• [Directions for this task]
Each line from the beginning of the entries below through the line that includes "At the start: 56" must be returned exactly as given.

START Supplied data

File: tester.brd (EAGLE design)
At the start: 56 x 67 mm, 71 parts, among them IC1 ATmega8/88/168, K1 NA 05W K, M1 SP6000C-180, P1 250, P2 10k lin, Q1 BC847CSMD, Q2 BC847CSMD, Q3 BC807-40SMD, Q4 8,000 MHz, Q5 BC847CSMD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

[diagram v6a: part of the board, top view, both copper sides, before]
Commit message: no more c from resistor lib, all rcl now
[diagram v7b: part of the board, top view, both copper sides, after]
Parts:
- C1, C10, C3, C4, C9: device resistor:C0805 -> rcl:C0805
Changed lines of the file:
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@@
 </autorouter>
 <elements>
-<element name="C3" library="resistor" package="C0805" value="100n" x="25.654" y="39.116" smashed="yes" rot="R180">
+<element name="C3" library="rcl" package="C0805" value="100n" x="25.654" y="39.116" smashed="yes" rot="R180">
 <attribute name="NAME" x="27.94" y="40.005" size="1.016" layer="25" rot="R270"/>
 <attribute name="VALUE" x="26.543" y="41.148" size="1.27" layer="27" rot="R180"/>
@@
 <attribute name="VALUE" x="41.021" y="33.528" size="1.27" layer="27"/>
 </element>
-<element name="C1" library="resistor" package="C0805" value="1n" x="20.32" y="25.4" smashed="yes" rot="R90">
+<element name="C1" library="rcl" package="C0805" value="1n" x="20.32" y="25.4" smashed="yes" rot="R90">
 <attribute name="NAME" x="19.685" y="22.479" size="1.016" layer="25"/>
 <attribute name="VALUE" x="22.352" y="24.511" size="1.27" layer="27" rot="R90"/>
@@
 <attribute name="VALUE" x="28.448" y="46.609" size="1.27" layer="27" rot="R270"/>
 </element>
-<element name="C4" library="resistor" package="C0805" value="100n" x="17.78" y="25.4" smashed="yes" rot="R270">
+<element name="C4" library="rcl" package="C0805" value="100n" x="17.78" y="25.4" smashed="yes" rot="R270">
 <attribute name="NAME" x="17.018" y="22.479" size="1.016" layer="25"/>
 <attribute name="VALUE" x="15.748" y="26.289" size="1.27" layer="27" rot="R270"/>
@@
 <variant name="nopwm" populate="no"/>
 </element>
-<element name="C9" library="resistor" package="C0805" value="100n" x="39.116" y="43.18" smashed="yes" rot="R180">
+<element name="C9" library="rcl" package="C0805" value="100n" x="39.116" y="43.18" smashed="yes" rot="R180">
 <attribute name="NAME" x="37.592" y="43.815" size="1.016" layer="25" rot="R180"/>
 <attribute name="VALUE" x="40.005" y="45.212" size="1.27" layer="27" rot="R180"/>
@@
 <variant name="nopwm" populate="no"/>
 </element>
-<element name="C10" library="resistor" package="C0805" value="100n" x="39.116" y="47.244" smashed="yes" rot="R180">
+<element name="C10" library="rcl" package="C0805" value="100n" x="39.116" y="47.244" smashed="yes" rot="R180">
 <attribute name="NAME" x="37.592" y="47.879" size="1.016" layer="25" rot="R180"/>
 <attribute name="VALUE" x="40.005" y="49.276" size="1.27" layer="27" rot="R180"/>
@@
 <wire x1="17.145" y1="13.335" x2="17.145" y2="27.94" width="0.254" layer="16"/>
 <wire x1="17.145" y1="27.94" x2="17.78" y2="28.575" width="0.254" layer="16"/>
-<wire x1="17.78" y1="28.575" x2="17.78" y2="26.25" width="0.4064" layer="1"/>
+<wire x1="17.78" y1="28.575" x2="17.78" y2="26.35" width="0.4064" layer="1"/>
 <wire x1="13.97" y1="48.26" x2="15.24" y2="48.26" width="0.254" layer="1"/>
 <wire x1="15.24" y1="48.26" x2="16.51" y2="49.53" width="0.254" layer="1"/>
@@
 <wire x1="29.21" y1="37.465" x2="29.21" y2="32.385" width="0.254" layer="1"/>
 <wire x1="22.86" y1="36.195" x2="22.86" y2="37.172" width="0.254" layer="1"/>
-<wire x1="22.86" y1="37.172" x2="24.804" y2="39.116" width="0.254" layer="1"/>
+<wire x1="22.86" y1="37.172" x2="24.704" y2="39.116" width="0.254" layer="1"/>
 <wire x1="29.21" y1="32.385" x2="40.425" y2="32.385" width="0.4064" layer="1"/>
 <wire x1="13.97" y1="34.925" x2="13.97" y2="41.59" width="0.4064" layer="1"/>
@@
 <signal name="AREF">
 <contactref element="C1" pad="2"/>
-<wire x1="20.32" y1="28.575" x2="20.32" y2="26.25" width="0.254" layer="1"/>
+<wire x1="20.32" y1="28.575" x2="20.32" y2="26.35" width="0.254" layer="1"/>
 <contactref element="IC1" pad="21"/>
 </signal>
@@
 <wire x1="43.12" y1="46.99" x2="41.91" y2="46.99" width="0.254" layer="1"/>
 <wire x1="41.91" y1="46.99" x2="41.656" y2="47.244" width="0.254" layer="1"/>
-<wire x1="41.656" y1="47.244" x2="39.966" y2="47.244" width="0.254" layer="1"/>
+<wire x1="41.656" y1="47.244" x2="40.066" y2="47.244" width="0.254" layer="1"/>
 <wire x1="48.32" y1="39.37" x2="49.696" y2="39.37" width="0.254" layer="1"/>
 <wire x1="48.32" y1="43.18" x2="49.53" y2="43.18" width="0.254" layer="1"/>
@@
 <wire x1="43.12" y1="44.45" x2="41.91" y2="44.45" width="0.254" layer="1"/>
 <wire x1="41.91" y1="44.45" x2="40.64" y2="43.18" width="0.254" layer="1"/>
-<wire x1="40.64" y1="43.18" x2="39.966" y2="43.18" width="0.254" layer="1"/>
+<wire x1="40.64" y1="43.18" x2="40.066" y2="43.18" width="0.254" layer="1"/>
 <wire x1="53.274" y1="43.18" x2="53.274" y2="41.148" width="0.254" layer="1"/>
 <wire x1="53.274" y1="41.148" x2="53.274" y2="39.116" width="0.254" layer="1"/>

END Supplied data

• [Response area]
File: tester.brd (EAGLE design)
At the start: 56 x 67 mm, 71 parts, among them IC1 ATmega8/88/168, K1 NA 05W K, M1 SP6000C-180, P1 250, P2 10k lin, Q1 BC847CSMD, Q2 BC847CSMD, Q3 BC807-40SMD, Q4 8,000 MHz, Q5 BC847CSMD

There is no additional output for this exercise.